We have then extended in [2] the strategies to more generic workflows that can be modeled as directed acyclyc graphs (DAGs), for example:

With stateful DAG applications, the causal consistency of the execution must be guaranteed. We have proposed to do so by defining, for each state, the order in which the tasks depending on it will be executed. The three strategies above need to be extended as follows to support DAG workflows:

Pure FaaS: no change needed.
State propagation and State local: workers must support asynchronous function calls, the binding between functions and edge nodes must be known to all workers during a single DAG execution, and the states cannot be propagated along with the arguments.

Main findings

We have evaluated the performance of the proposed solution using a combination of simulations and prototype experiments in emulated networks.

Simulations. We have performed a large number of numerical simulations using a Monte Carlo method with artificial network topologies (generated using Ether - Edge topology synthesizer) and workloads (created with Spar: Cluster trace generator) to compare the three strategies proposed, only for chain of functions, and we have found that:

State local requires the least amount of network traffic to serve the same workload. This leads to significant end-to-end response time reduction, especially at high percentiles.
With state local, the performance of chains of function invocations is more stable as the chain size increases, whereas longer chains incur signicant degradation with the other strategies.
A pure FaaS approach produces the worst result according to all the performance indices considered.

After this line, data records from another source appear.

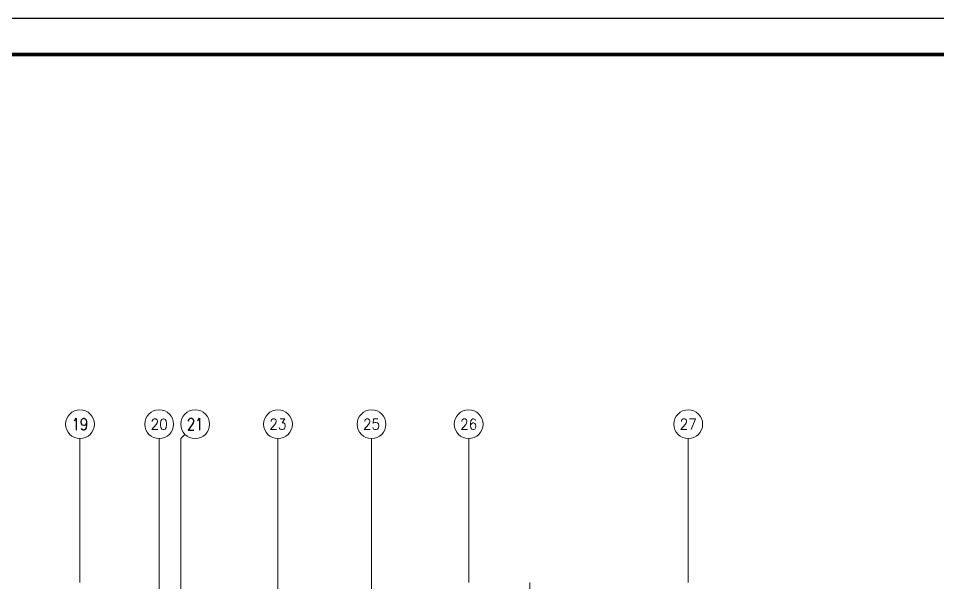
# Model space of a CAD drawing. Extents: x 5874492 to 7194610, y -939842 to -279257.
# Drawn here: x 6619742 to 6645282, y -657037 to -641364 of the extents above; entities that cross this region are included whole.
import ezdxf
from ezdxf.enums import TextEntityAlignment as Align

# ---------------------------------------------------------------- set-up
doc = ezdxf.new("R2010")
doc.units = 0
doc.header["$LTSCALE"] = 1000
doc.linetypes.add('DOTE', pattern=[2.42, 2, -0.2, 0.02, -0.2])
for name, color, linetype, lineweight in [('A-标注-轴号', 3, 'Continuous', 15), ('A-标注-轴号文字', 7, 'Continuous', 15), ('A-轴线-塔楼', 1, 'DOTE', 9), ('A-轴线-隔墙', 41, 'DOTE', 9), ('S-大样-DIM', 3, 'Continuous', 20), ('S-轴网-轴号', 3, 'Continuous', 20)]:
    doc.layers.add(name, color=color, linetype=linetype, lineweight=lineweight)
doc.layers.add('BWPLAN', color=120, linetype='Continuous', plot=False)
doc.layers.add('Y-云图图框', color=7, linetype='Continuous')
doc.styles.add('_TCH_AXIS', font='COMPLEX.shx', dxfattribs={"bigfont": 'hztxt.shx'})
doc.styles.add('_YT_Name', font='', dxfattribs={"width": 0.8})
doc.styles.add('_YT_Sign_Text', font='ros.shx', dxfattribs={"width": 0.8, "bigfont": 'hztxt.shx'})
doc.styles.add('BW_Plan', font='romant.shx', dxfattribs={"width": 0.7, "bigfont": 'hztxt.shx'})
doc.styles.add('BW_PLANX', font='simplex.shx', dxfattribs={"bigfont": 'hztxt.shx'})
doc.styles.add('COMPLEX', font='COMPLEX')
doc.styles.get("Standard").update_dxf_attribs({"font": 'gbenor.shx', "bigfont": 'gbcbig.shx'})
doc.styles.get('_YT_Name').set_extended_font_data('SimHei')

# ---------------------------------------------------------------- blocks, each defined once
blk = doc.blocks.new('ECMCTK_A1_横_单行图名--0')
at = {"color": 4}
blk.add_lwpolyline([(0, 0), (841, 0), (841, 594), (0, 594)], close=True, dxfattribs=at)
at = {"const_width": 1}
blk.add_lwpolyline([(25, 10), (831, 10), (831, 584), (25, 584)], close=True, dxfattribs=at)
at = {"color": 80, "flags": 3}
for tag, height, p in [('YTHQINS', 3, (34.31, 585.5)), ('ECMCKEY', 3, (292.07, 288.23)), ('YTTQINS', 5.62, (848.03, 12.81)), ('YTFRAME', 3, (652.76, 5.84)), ('YTBARCODE_T1', 3, (749.78, 5.95))]:
    blk.add_attdef(tag, text='', height=height, dxfattribs=at).set_placement(p, align=Align.MIDDLE_CENTER)
for tag, height, style, width, p in [('证书编号', 4, '_YT_Sign_Text', 0.8, (708.87, 43.81)), ('审查批准号', 4, '_YT_Sign_Text', 0.8, (761.06, 43.81)), ('工程号', 4, '_YT_Sign_Text', 0.5, (804.08, 44.12)), ('设计单位', 6, '_YT_Name', 0.8, (623.75, 38.6)), ('建设单位', 4, '_YT_Sign_Text', 0.8, (734.96, 36.11)), ('阶段', 4, '_YT_Sign_Text', 0.8, (804.08, 35.81)), ('项目号', 4, '_YT_Sign_Text', 0.5, (822.08, 33.72)), ('项目名称', 4, '_YT_Sign_Text', 0.8, (734.96, 28.11)), ('专业', 4, '_YT_Sign_Text', 0.8, (804.08, 27.31)), ('图纸编号', 4, '_YT_Sign_Text', 0.5, (803.93, 19.36)), ('图纸名称', 4.5, '_YT_Name', 0.8, (735.39, 15.06)), ('出图比例', 4.2, '_YT_Sign_Text', 0.8, (681.82, 11.78)), ('日期', 4, '_YT_Sign_Text', 0.5, (803.88, 12.13)), ('版本号', 4, '_YT_Sign_Text', 0.8, (822.08, 13))]:
    blk.add_attdef(tag, text='', height=height, dxfattribs=dict(style=style, width=width)).set_placement(p, align=Align.CENTER)
at = {"style": '_YT_Sign_Text', "width": 0.8, "flags": 3}
for tag, p, height in [('{审定人}', (605.87, 26.45), 6.24), ('{校对人}', (658.35, 26.53), 6.24), ('[审定人]', (590.95, 27.81), 4.1), ('[校对人]', (642.23, 27.82), 4.1), ('[审核人]', (591.01, 19.76), 4.1), ('{审核人}', (606.98, 18.44), 6.24), ('[设计人]', (642.47, 20.21), 4.1), ('{设计人}', (658.48, 18.54), 6.24), ('[项目负责人]', (590.78, 12.01), 4.1), ('{项目负责人}', (608.28, 10.72), 6.24), ('[专业负责人]', (642.74, 11.77), 4.1), ('{专业负责人}', (658.58, 10.36), 6.24)]:
    blk.add_attdef(tag, p, '', height=height, dxfattribs=at)
at = {"color": 80, "flags": 3}
for tag, p in [('YTBZSIT', (25, 10)), ('EXT_TK_LEFT', (25, 10)), ('YTQRCODE', (551.04, 11.91))]:
    blk.add_attdef(tag, p, '', height=3, dxfattribs=at)
blk = doc.blocks.new('BWPG_0427095648', base_point=(6599691, -1417454))
at = {"color": 0, "const_width": 0.5}
blk.add_lwpolyline([(6572030, -1399426), (6656130, -1399426), (6656130, -1458826), (6572030, -1458826)], close=True, dxfattribs=at)
at = {"layer": 'S-大样-DIM', "color": 0, "style": 'BW_Plan', "width": 0.75}
blk.add_attdef('KEYNAME', text='', height=594, dxfattribs=at).set_placement((6572030, -1399426), align=Align.RIGHT)
at = {"layer": 'S-大样-DIM', "color": 0, "style": 'BW_Plan', "width": 0.75, "flags": 1}
for tag, p in [('LEFTTOP', (6572030, -1399426)), ('RIGHTTOP', (6656130, -1399426)), ('LEFTBOTTOM', (6572030, -1458826)), ('RIGHTBOTTOM', (6656130, -1458826))]:
    blk.add_attdef(tag, p, '', height=594, dxfattribs=at)
at = {"layer": 'S-大样-DIM', "color": 0, "style": 'BW_Plan', "width": 0.75}
for tag, p in [('TAG1', (6656130, -1399426)), ('NAME', (6572030, -1459618))]:
    blk.add_attdef(tag, p, '', height=594, dxfattribs=at)
at = {"layer": 'S-大样-DIM', "color": 0, "style": 'BW_PLANX', "width": 0.75}
blk.add_attdef('FOCUS', text='', height=594, dxfattribs=at).set_placement((6599691, -1417454), align=Align.MIDDLE_CENTER)
at = {"layer": 'S-大样-DIM', "color": 0, "style": 'BW_Plan', "width": 0.75}
blk.add_attdef('TAG3', text='', height=594, dxfattribs=at).set_placement((6572030, -1458826), align=Align.TOP_RIGHT)
blk.add_attdef('TAG2', text='', height=594, dxfattribs=at).set_placement((6656130, -1458826), align=Align.TOP_LEFT)
blk = doc.blocks.new('_AXISO')
blk.add_circle((0, 0), 0.5)
at = {"layer": 'S-轴网-轴号', "style": 'COMPLEX', "width": 1.041667}
blk.add_attdef('A', text='', height=0.56, dxfattribs=at).set_placement((-0.25, -0.28), (0.25, -0.28), align=Align.FIT)
blk = doc.blocks.new('ZHOUWANG3')
at = {"layer": 'A-标注-轴号'}
for p, q in [((118952, 248942), (118952, 252942)), ((121152, 248942), (121152, 252942)), ((121869, 253059), (121752, 252942)), ((121752, 248942), (121752, 252942)), ((124452, 248942), (124452, 252942)), ((127052, 248942), (127052, 252942)), ((129752, 248942), (129752, 252942)), ((135852, 248942), (135852, 252942))]:
    blk.add_line(p, q, dxfattribs=at)
at = {"layer": 'A-轴线-塔楼', "linetype": 'DOTE', "ltscale": 0.5}
for p, q in [((121152, 248942), (121152, 239686)), ((121752, 248942), (121752, 241550)), ((124452, 248942), (124452, 242986)), ((127052, 248942), (127052, 241486))]:
    blk.add_line(p, q, dxfattribs=at)
at = {"layer": 'A-轴线-隔墙', "ltscale": 0.5}
blk.add_line((131452, 236186), (131452, 248942), dxfattribs=at)
at = {"layer": 'A-标注-轴号'}
ref = blk.add_blockref('_AXISO', (118952, 253342), dxfattribs=dict(at, xscale=800, yscale=800, zscale=800))
ref.add_attrib('A', '19', dxfattribs={"layer": 'A-标注-轴号文字', "ltscale": 0.2, "height": 328.4, "style": '_TCH_AXIS'}).set_placement((118725, 253178), (119179, 253178), align=Align.FIT)
ref = blk.add_blockref('_AXISO', (121152, 253342), dxfattribs=dict(at, xscale=800, yscale=800, zscale=800))
ref.add_attrib('A', '20', dxfattribs={"layer": 'A-标注-轴号文字', "ltscale": 0.2, "height": 294.3, "style": '_TCH_AXIS'}).set_placement((120914, 253195), (121390, 253195), align=Align.FIT)
ref = blk.add_blockref('_AXISO', (122152, 253342), dxfattribs=dict(at, xscale=800, yscale=800, zscale=800))
ref.add_attrib('A', '21', dxfattribs={"layer": 'A-标注-轴号文字', "ltscale": 0.2, "height": 328.4, "style": '_TCH_AXIS'}).set_placement((121925, 253178), (122379, 253178), align=Align.FIT)
ref = blk.add_blockref('_AXISO', (124452, 253342), dxfattribs=dict(at, xscale=800, yscale=800, zscale=800))
ref.add_attrib('A', '23', dxfattribs={"layer": 'A-标注-轴号文字', "ltscale": 0.2, "height": 294.3, "style": '_TCH_AXIS'}).set_placement((124214, 253195), (124690, 253195), align=Align.FIT)
ref = blk.add_blockref('_AXISO', (127052, 253342), dxfattribs=dict(at, xscale=800, yscale=800, zscale=800))
ref.add_attrib('A', '25', dxfattribs={"layer": 'A-标注-轴号文字', "ltscale": 0.2, "height": 294.3, "style": '_TCH_AXIS'}).set_placement((126814, 253195), (127290, 253195), align=Align.FIT)
ref = blk.add_blockref('_AXISO', (129752, 253342), dxfattribs=dict(at, xscale=800, yscale=800, zscale=800))
ref.add_attrib('A', '26', dxfattribs={"layer": 'A-标注-轴号文字', "ltscale": 0.2, "height": 294.3, "style": '_TCH_AXIS'}).set_placement((129514, 253195), (129990, 253195), align=Align.FIT)
ref = blk.add_blockref('_AXISO', (135852, 253342), dxfattribs=dict(at, xscale=800, yscale=800, zscale=800))
ref.add_attrib('A', '27', dxfattribs={"layer": 'A-标注-轴号文字', "ltscale": 0.2, "height": 294.3, "style": '_TCH_AXIS'}).set_placement((135614, 253195), (136090, 253195), align=Align.FIT)

msp = doc.modelspace()

# ---------------------------------------------------------------- block references
msp.add_blockref('ZHOUWANG3', (6502501.8, -905979.1))
at = {"layer": 'BWPLAN', "color": 1}
msp.add_blockref('BWPG_0427095648', (6602053.7, -659392.7), dxfattribs=at)
at = {"layer": 'Y-云图图框', "xscale": 100, "yscale": 100, "zscale": 100}
msp.add_blockref('ECMCTK_A1_横_单行图名--0', (6574393.6, -700764.3), dxfattribs=at)

doc.saveas('drawing.dxf')

DAGs. We have implemented the execution models in ServerlessOnEdge, which was then used in a sample scenario with 6 edge nodes emulated with mininet, and we have found that:

With function chains, there is a trade-off between keeping the state local to edge nodes and embedding it into function invocations, depending on the state size and network speed. State propagation always performs better than pure FaaS.
With function chains, even with a high network speed, keeping the state local has a significantly lower overhead than the other schemes, in terms of the traffic rate required, but this not always translates into a lower end-to-end latency.
With a high number of functions in DAGs, state propagation is only effective if references are carried within the function invocations and responses.

Future research directions

We need to better understand the implications of the different strategies in terms of:

the programming model and developers’ APIs;
the run-time optimization opportunities that can be exploited at a platform level.